2. Ascertaining the differences between the prior art and the claims at issue.
3. Resolving the level of ordinary skill in the pertinent art.
4. Considering objective evidence present in the application indicating obviousness or nonobviousness.
Claims 1-13, 17, and 20 is/are rejected under 35 U.S.C. 103 as being unpatentable over Aliabadi (US 2018/0096226) in view of David (US 2019/0080243) or, alternatively, over David in view of Aliabadi, both as described below.

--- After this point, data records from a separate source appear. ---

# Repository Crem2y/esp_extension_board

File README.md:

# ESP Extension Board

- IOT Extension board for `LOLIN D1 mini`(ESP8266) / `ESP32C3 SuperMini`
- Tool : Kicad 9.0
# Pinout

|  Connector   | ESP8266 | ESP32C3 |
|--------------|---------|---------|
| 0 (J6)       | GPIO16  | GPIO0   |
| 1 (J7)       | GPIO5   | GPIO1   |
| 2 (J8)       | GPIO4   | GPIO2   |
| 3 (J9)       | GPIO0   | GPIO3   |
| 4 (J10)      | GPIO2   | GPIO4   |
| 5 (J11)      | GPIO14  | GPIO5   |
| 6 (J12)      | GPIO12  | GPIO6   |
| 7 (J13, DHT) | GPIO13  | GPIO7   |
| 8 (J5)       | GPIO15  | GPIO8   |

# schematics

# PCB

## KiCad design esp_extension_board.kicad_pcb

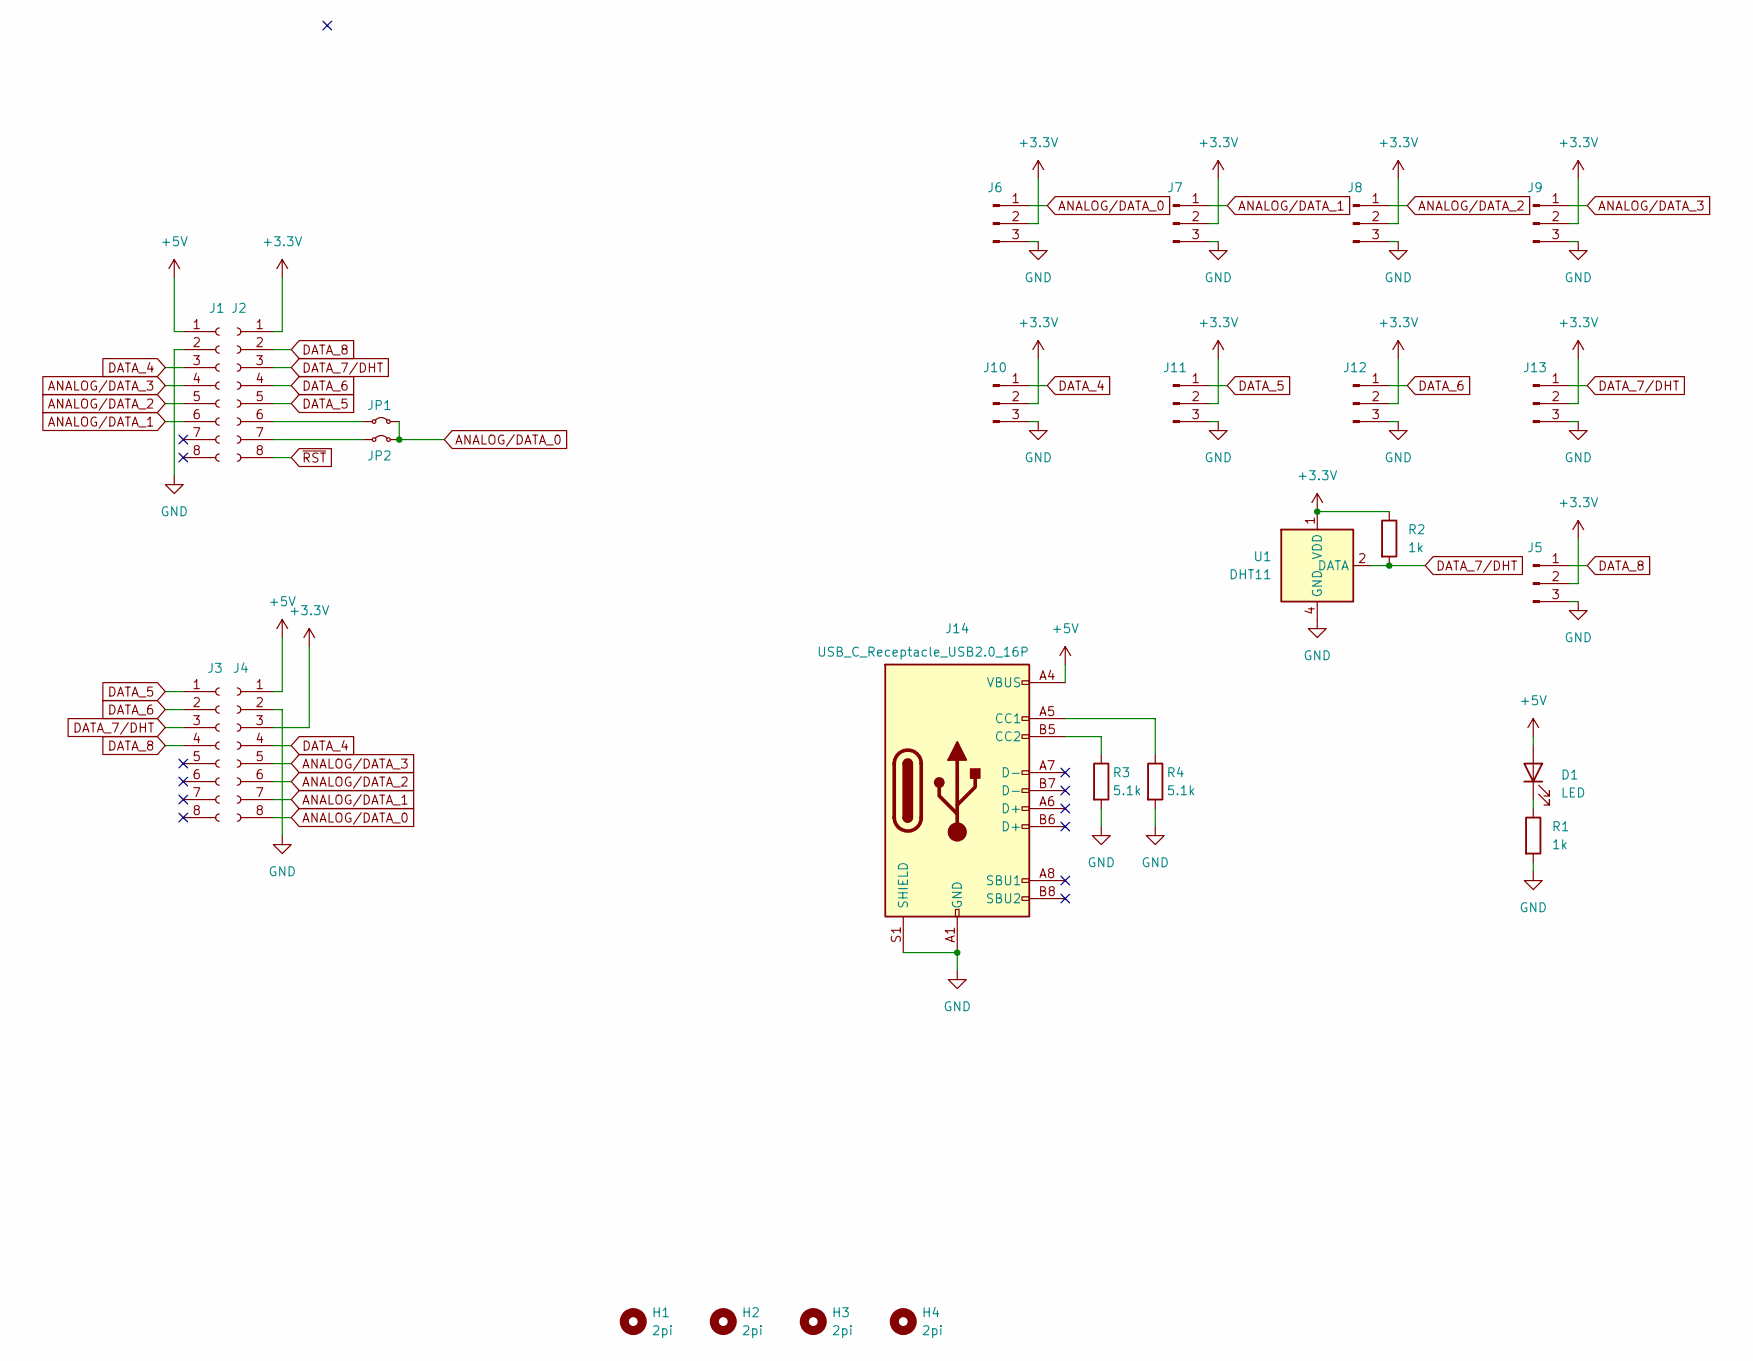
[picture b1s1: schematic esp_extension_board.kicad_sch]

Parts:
D1: LED; LED_0805_2012Metric_Pad1.15x1.40mm_HandSolder
H1, H2, H3, H4: 2pi; MountingHole_2mm
J1, J2, J3, J4: Conn_01x08_Socket; PinSocket_1x08_P2.54mm_Vertical
J5, J6, J7, J8, J9, J10, J11, J12, J13: Conn_01x03_Pin; Molex_SPOX_5267-03A_1x03_P2.50mm_Vertical
J14: USB_C_Receptacle_USB2.0_16P; USB_C_Receptacle_XKB_U262-16XN-4BVC11
JP1, JP2: Jumper_2_Small_Bridged; SolderJumper-2_P1.3mm_Bridged_RoundedPad1.0x1.5mm
R1, R2: 1k; R_0805_2012Metric_Pad1.20x1.40mm_HandSolder
R3, R4: 5.1k; R_0805_2012Metric_Pad1.20x1.40mm_HandSolder
U1: DHT11; ASAIR_AM2302_P2.54mm_Lead2.75mm_TabDown

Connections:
+3.3V: J2.1, J4.3, J5.2, J6.2, J7.2, J8.2, J9.2, J10.2, J11.2, J12.2, J13.2, R2.1, U1.1 (VDD)
+5V: D1.2 (A), J1.1, J4.1, J14.A4 (VBUS), J14.A9 (VBUS), J14.B4 (VBUS), J14.B9 (VBUS)
ANALOG/DATA_0: J4.8, J6.1, JP1.2 (B), JP2.2 (B)
ANALOG/DATA_1: J1.6, J4.7, J7.1
ANALOG/DATA_2: J1.5, J4.6, J8.1
ANALOG/DATA_3: J1.4, J4.5, J9.1
DATA_4: J1.3, J4.4, J10.1
DATA_5: J2.5, J3.1, J11.1
DATA_6: J2.4, J3.2, J12.1
DATA_7/DHT: J2.3, J3.3, J13.1, R2.2, U1.2 (DATA)
DATA_8: J2.2, J3.4, J5.1
GND: J1.2, J4.2, J5.3, J6.3, J7.3, J8.3, J9.3, J10.3, J11.3, J12.3, J13.3, J14.A1 (GND), J14.A12 (GND), J14.B1 (GND), J14.B12 (GND), J14.S1 (SHIELD), R1.2, R3.2, R4.2, U1.4 (GND)
unnamed: D1.1 (K), R1.1
unnamed: J2.6, JP1.1 (A)
unnamed: J2.7, JP2.1 (A)
unnamed: J14.A5 (CC1), R4.1
unnamed: J14.B5 (CC2), R3.1
~RST: J2.8

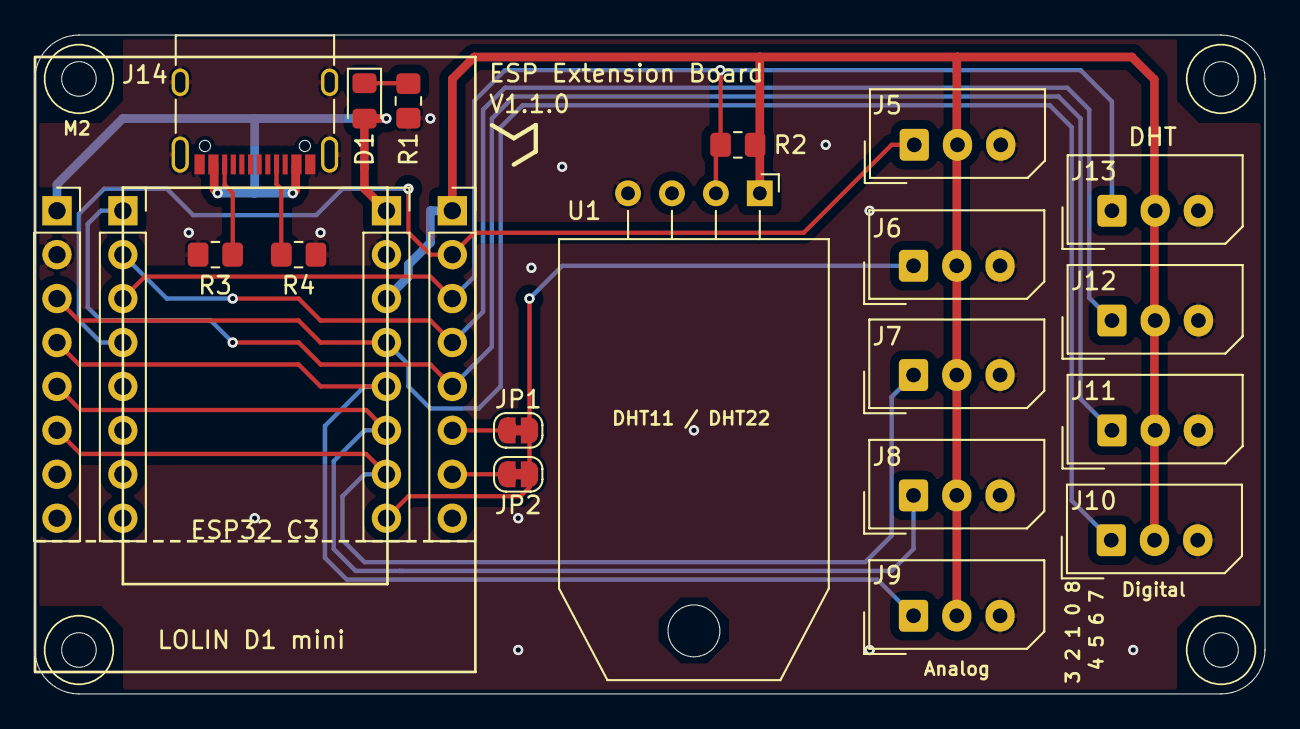
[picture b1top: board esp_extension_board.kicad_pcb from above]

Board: 2 copper layers, 71.1 x 38.1 mm, 26 parts (0 on the bottom side), 17 nets.
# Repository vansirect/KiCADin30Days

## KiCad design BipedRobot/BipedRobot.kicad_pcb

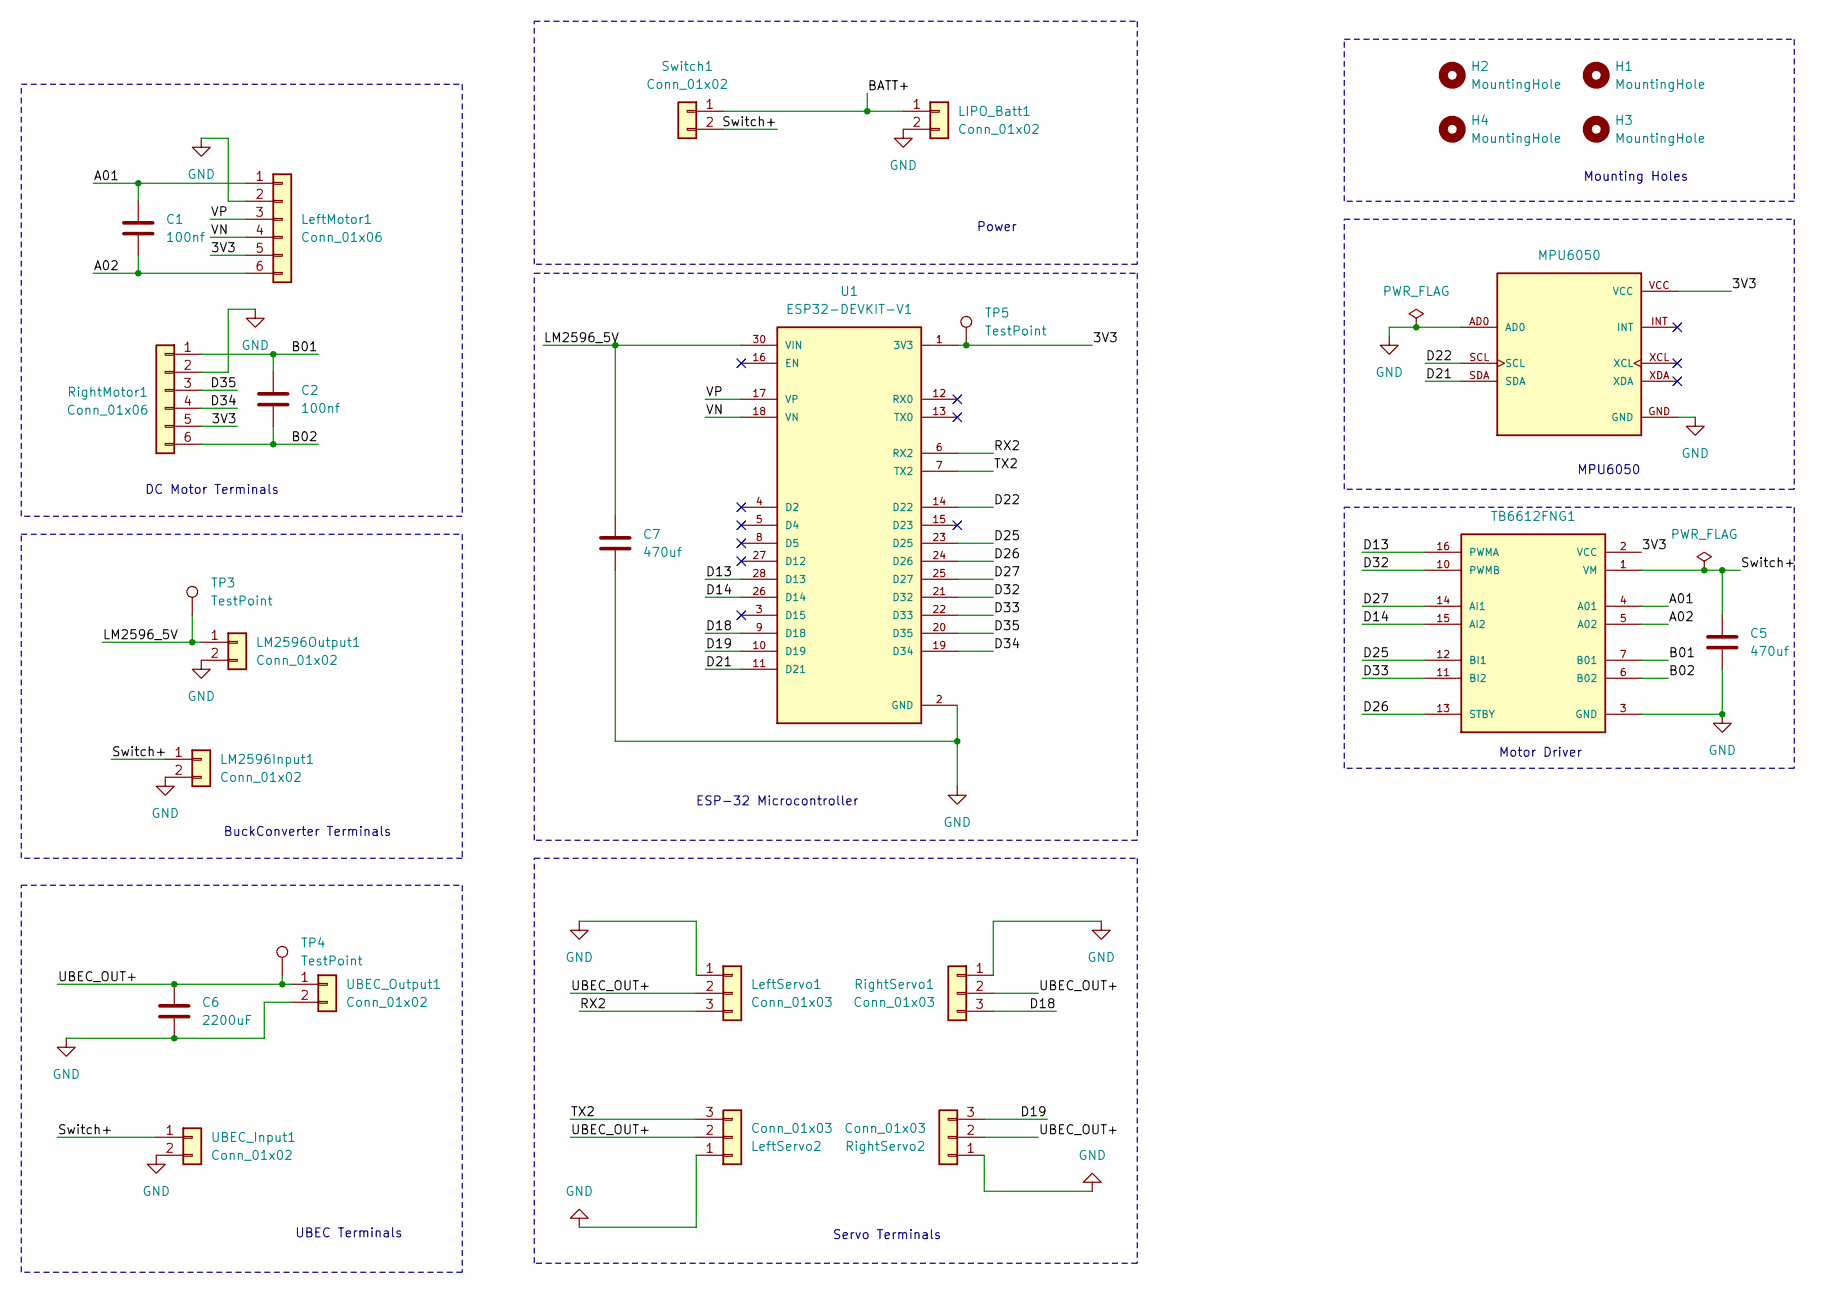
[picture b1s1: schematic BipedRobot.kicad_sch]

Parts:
C1, C2: 100nf; C_Disc_D5.0mm_W2.5mm_P5.00mm
C5, C7: 470uf; CP_Radial_D10.0mm_P5.00mm
C6: 2200uF; CP_Radial_D16.0mm_P7.50mm
H1, H2, H3, H4: MountingHole; MountingHole_3.2mm_M3
LIPO_Batt1: Conn_01x02; AMASS_XT30UPB-M_1x02_P5.0mm_Vertical
LM2596Input1, LM2596Output1: Conn_01x02; SolderWire-0.5sqmm_1x02_P4.6mm_D0.9mm_OD2.1mm
LeftMotor1: Conn_01x06; JST_XH_B6B-XH-A_1x06_P2.50mm_Vertical
LeftServo1, LeftServo2: Conn_01x03; PinHeader_1x03_P2.54mm_Vertical
MPU6050: MPU6050; MODULE_OC09600; PARTREV NA
RightMotor1: Conn_01x06; JST_XH_B6B-XH-A_1x06_P2.50mm_Vertical
RightServo1, RightServo2: Conn_01x03; PinHeader_1x03_P2.54mm_Vertical
Switch1: Conn_01x02; SolderWire-0.5sqmm_1x02_P4.6mm_D0.9mm_OD2.1mm
TB6612FNG1: ROB-14450; MODULE_ROB-14450; PARTREV 11-13-17
TP3, TP4, TP5: TestPoint; TestPoint_Pad_D2.0mm
U1: ESP32-DEVKIT-V1; MODULE_ESP32_DEVKIT_V1; PARTREV N/A
UBEC_Input1: Conn_01x02; SolderWire-1sqmm_1x02_P5.4mm_D1.4mm_OD2.7mm
UBEC_Output1: Conn_01x02; SolderWire-1sqmm_1x02_P5.4mm_D1.4mm_OD2.7mm

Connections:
/3V3: LeftMotor1.5, MPU6050.VCC, RightMotor1.5, TB6612FNG1.2 (VCC), TP5.1 (1_1), U1.1 (3V3); also elsewhere on the board
/A01: C1.1, LeftMotor1.1, TB6612FNG1.4 (A01)
/A02: C1.2, LeftMotor1.6, TB6612FNG1.5 (A02)
/B01: C2.1, RightMotor1.1, TB6612FNG1.7 (B01)
/B02: C2.2, RightMotor1.6, TB6612FNG1.6 (B02)
/BATT+: LIPO_Batt1.1, Switch1.1
/D13: TB6612FNG1.16 (PWMA), U1.28 (D13); also elsewhere on the board
/D14: TB6612FNG1.15 (AI2), U1.26 (D14); also elsewhere on the board
/D18: RightServo1.3, U1.9 (D18); also elsewhere on the board
/D19: RightServo2.3, U1.10 (D19); also elsewhere on the board
/D21: MPU6050.SDA, U1.11 (D21); also elsewhere on the board
/D22: MPU6050.SCL, U1.14 (D22); also elsewhere on the board
/D25: TB6612FNG1.12 (BI1), U1.23 (D25); also elsewhere on the board
/D26: TB6612FNG1.13 (STBY), U1.24 (D26); also elsewhere on the board
/D27: TB6612FNG1.14 (AI1), U1.25 (D27); also elsewhere on the board
/D32: TB6612FNG1.10 (PWMB), U1.21 (D32); also elsewhere on the board
/D33: TB6612FNG1.11 (BI2), U1.22 (D33); also elsewhere on the board
/D34: RightMotor1.4, U1.19 (D34); also elsewhere on the board
/D35: RightMotor1.3, U1.20 (D35); also elsewhere on the board
/LM2596_5V: C7.1, LM2596Output1.1, TP3.1 (1_1), U1.30 (VIN); also elsewhere on the board
/RX2: LeftServo1.3, U1.6 (RX2); also elsewhere on the board
/Switch+: C5.1, LM2596Input1.1, Switch1.2, TB6612FNG1.1 (VM), UBEC_Input1.1
/TX2: LeftServo2.3, U1.7 (TX2); also elsewhere on the board
/UBEC_OUT+: C6.1, LeftServo1.2, LeftServo2.2, RightServo1.2, RightServo2.2, TP4.1 (1_1), UBEC_Output1.1
/VN: LeftMotor1.4, U1.18 (VN); also elsewhere on the board
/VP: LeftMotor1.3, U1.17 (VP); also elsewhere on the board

As per claim 1, Aliabadi teaches an apparatus comprising: a processor [an implementation of CNNs on a computing device including multiple processors executing SIMD instructions (paras. 0028, 0067, etc.)]; and memory coupled to the processor, the memory comprising instructions [an implementation of CNNs on a computing device including multiple processors executing SIMD instructions (paras. 0028, 0067, etc.) from a memory (para. 0034, etc.)] which, when executed by the processor, cause the processor to: generate, based in part on a receptive field size and a number of learnable parameters, a plurality of filters for a convolutional neural network (CNN) [a kernel of a CNN is divided into multiple runnels (filters) (para. 0006, etc.) each based on a number of weights (learnable parameters) that is based on a size of SIMD registers used for SIMD instructions (para. 0031, etc.) and a size of a number of feature maps (receptive field size) (para. 0256, etc.)], wherein the number of learnable parameters is based on a computing characteristic of the apparatus [a kernel of a CNN is divided into multiple runnels (filters) (para. 0006, etc.) each based on a number of weights (learnable parameters) that is based on a size of SIMD registers used for SIMD instructions (para. 0031, etc.)]; and train the CNN on a validation set [the CNN may be trained to learn the parameters of the model using training data (para. 0025, etc.)].
While Aliabadi teaches selecting and training filters of a CNN (see above) it does not explicitly teach each filter comprising the number of learnable parameters arranged in different random configurations on the filter, select one filter from the plurality of filters 
David teaches an apparatus comprising: a processor [a system including a processor executing instructions from memory (para. 0060, etc.)]; and memory coupled to the processor, the memory comprising instructions [a system including a processor executing instructions from memory (para. 0060, etc.)] which, when executed by the processor, cause the processor to: generate filters, each filter comprising the number of learnable parameters arranged in different random configurations on the filter [filters of a CNN may be modified by selecting and modifying filters, as well as changing random weights with random values (abstract; paras. 0045-47; etc.)], select one filter from the plurality of filters based on a convergence speed, for each of the plurality of filters, of the CNN [the modification of filters and creation of new filters includes selecting filter modifications that produce faster convergence (paras. 0034, 0045-47, etc.)]; and train the CNN on a validation set using the one filter from the plurality of filters [the modification of filters and creation of new filters includes selecting filter modifications that produce faster convergence (paras. 0034, 0045-47, etc.), used to train the CNN on a training set (para. 0009, etc.)].
Aliabadi and David are analogous art, as they are within the same field of endeavor, namely optimizing CNNs.
It would have been obvious to one of ordinary skill in the art, before the effective filing date of the claimed invention, to include random mutation of filter weights and selecting filters for speed of convergence, in the optimization of the CNN, as taught by 
David provides motivation as [choosing filters to improve convergence speed improves and speeds up training of the CNN while randomization allows greater exploration (paras. 0034, 0045-47, etc.)].
Alternatively/additionally it would have been obvious to one of ordinary skill in the art, before the effective filing date of the claimed invention, to include selecting a number of learnable parameters of filters based upon a computing characteristic of the apparatus for SIMD instructions/execution, as taught by Aliabadi, for the selection of filters in the system taught by David.
Aliabadi provides motivation as [by fitting the number of weights in the filters to the size of registers used by the ISA to implement the convolution layers, the system can more efficiently implement the CNN (para. 0031, etc.) while using a SIMD architecture allows for improved parallel computations (para. 0067, etc.)].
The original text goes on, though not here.